▸ TASK INSTRUCTIONS
Go through the material below, find each line with the word "text", and copy those lines.
___ DATA FOR ANALYSIS
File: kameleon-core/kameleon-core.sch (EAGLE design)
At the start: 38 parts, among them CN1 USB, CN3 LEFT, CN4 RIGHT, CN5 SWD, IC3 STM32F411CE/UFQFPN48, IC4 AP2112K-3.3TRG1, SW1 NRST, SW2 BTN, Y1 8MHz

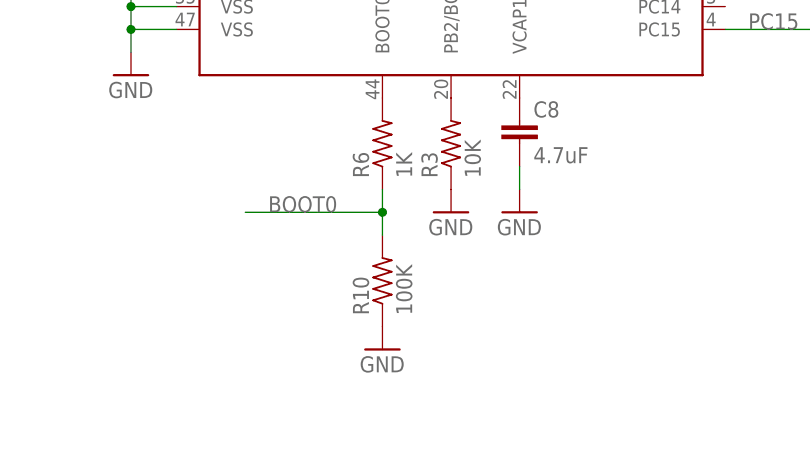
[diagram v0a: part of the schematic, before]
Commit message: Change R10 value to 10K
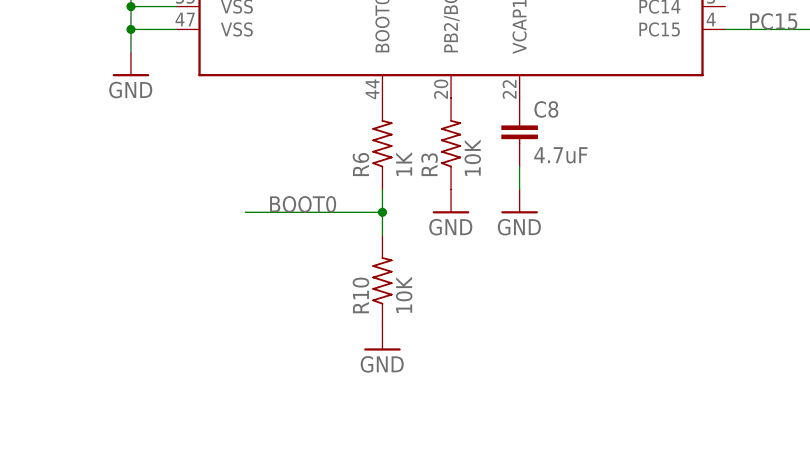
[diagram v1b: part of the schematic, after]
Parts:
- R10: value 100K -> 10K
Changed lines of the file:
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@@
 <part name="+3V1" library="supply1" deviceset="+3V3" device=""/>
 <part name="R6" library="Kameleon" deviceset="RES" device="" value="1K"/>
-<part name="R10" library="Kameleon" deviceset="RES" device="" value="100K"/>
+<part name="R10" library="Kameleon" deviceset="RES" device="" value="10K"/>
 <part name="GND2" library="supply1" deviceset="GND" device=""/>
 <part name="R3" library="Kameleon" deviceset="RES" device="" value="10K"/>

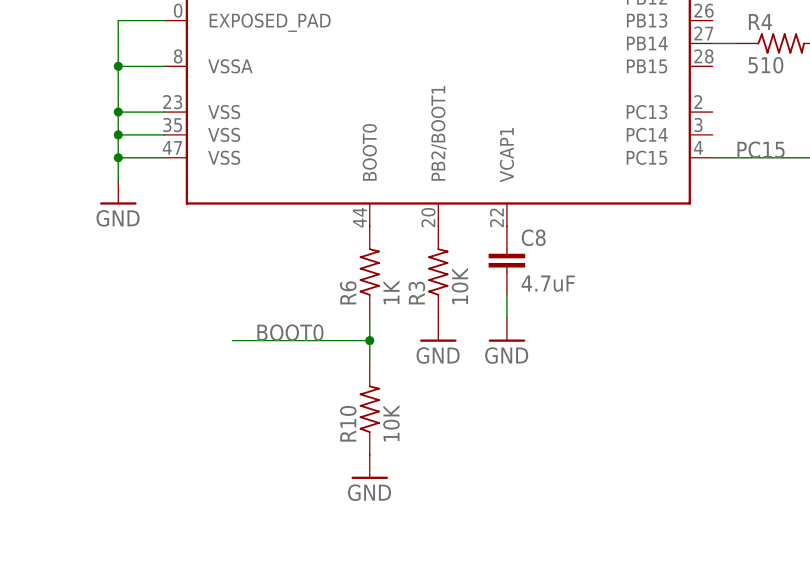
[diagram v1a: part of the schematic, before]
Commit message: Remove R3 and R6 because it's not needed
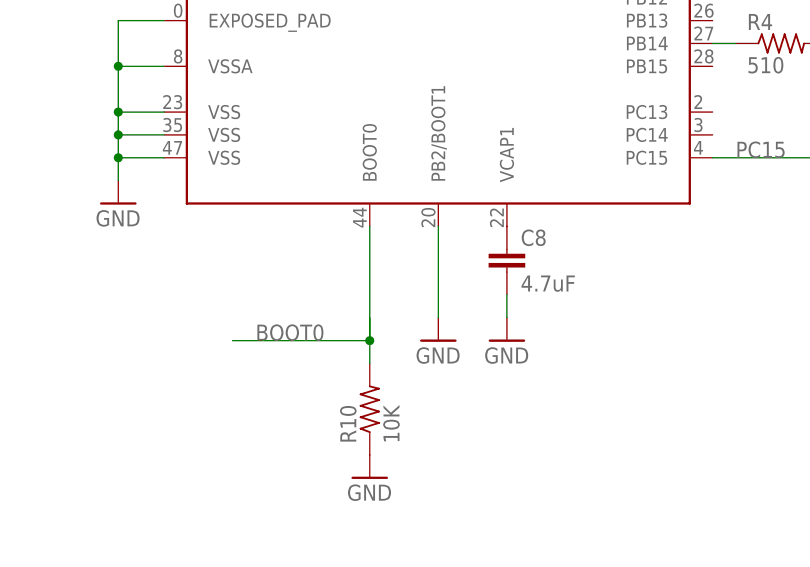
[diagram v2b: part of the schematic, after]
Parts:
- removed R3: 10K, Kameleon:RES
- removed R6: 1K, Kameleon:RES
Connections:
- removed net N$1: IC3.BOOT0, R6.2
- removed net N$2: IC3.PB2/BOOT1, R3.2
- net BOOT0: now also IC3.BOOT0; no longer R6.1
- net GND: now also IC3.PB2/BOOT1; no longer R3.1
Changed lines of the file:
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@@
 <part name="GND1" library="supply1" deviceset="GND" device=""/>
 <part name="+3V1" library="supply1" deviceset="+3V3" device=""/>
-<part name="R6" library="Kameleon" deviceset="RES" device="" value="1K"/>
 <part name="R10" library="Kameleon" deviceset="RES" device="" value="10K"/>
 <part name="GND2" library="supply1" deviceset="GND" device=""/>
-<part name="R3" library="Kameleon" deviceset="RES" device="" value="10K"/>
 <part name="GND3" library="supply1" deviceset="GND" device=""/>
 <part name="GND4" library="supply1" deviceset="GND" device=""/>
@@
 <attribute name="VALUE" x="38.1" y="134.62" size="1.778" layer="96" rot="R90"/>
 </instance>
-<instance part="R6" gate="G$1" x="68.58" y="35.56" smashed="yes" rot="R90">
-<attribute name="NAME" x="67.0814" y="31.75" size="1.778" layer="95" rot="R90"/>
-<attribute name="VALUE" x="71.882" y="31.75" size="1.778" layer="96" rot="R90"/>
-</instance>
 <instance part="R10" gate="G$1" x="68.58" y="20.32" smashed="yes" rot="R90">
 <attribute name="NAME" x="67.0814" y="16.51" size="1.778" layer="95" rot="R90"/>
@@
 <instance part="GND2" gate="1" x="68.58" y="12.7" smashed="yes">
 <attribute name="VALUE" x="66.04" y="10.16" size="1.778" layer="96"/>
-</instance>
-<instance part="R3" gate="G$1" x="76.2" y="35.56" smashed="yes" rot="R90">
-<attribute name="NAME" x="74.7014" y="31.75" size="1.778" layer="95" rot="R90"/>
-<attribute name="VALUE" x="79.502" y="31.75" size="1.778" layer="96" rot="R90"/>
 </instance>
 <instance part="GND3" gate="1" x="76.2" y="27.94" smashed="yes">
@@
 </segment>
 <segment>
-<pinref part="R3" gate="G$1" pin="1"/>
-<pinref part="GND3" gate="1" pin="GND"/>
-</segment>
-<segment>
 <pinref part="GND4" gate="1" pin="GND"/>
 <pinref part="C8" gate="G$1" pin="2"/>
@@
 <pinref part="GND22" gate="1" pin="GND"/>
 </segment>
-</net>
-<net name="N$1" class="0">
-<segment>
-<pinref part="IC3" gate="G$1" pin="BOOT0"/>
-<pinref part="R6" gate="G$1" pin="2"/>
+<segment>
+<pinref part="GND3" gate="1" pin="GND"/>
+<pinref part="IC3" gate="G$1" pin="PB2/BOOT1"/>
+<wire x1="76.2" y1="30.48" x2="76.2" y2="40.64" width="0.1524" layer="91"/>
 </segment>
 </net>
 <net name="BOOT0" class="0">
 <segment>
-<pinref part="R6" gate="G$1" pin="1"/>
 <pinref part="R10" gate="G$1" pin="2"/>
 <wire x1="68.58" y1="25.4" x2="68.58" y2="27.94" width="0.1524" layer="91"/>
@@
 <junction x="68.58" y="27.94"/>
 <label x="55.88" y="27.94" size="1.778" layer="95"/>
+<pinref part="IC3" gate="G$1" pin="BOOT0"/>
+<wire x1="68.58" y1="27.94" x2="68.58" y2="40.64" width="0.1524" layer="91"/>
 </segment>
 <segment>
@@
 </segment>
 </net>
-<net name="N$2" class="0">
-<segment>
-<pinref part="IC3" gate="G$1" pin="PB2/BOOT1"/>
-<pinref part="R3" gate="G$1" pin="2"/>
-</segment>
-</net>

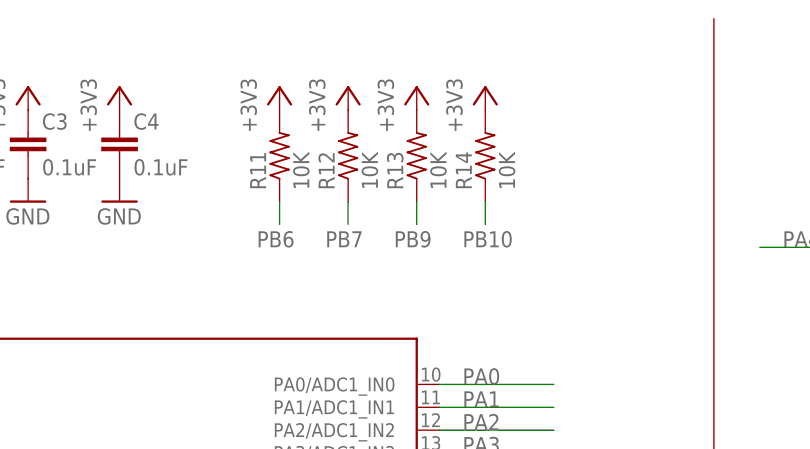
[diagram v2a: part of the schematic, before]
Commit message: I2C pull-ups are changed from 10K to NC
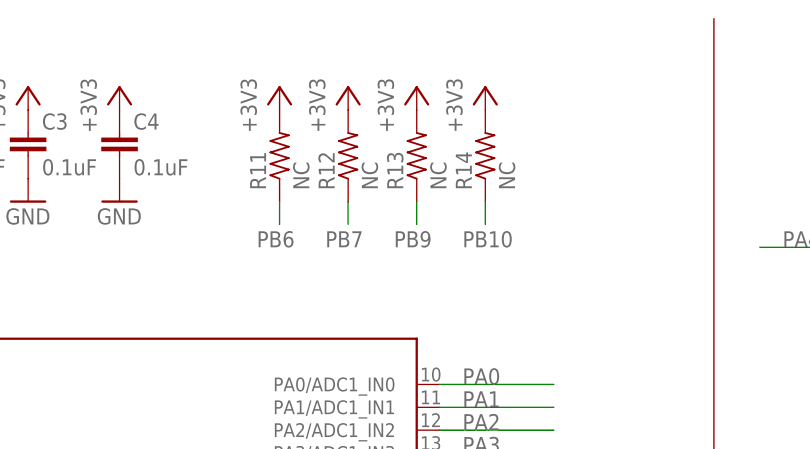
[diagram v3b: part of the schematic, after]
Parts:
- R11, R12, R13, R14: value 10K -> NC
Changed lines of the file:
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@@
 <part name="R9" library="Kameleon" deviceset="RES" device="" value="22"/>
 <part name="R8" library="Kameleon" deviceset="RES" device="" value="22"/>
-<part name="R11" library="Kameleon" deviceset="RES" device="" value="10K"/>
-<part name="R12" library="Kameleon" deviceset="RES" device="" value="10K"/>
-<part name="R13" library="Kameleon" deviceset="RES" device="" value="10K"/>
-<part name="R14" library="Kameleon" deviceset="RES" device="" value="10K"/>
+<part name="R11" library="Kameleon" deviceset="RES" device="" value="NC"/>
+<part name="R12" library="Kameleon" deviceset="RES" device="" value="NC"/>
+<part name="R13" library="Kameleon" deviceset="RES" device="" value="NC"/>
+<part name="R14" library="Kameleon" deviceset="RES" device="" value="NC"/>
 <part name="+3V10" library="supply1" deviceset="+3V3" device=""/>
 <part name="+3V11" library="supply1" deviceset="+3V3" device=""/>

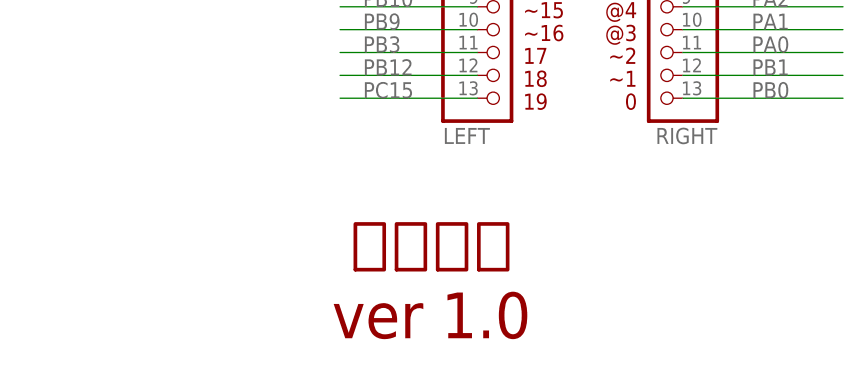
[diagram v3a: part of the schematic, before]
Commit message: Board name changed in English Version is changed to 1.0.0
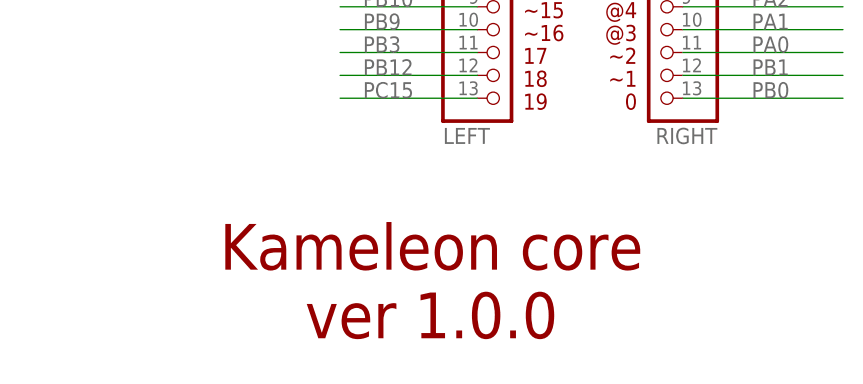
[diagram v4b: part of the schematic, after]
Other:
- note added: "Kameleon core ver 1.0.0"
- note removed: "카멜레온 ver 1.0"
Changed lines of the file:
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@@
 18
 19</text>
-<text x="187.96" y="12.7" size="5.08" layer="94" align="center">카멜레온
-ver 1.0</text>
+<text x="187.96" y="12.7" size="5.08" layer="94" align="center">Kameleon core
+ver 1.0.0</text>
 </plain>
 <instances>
______
▸ OUTPUT
 19</text>
-<text x="187.96" y="12.7" size="5.08" layer="94" align="center">카멜레온
-ver 1.0</text>
+<text x="187.96" y="12.7" size="5.08" layer="94" align="center">Kameleon core
+ver 1.0.0</text>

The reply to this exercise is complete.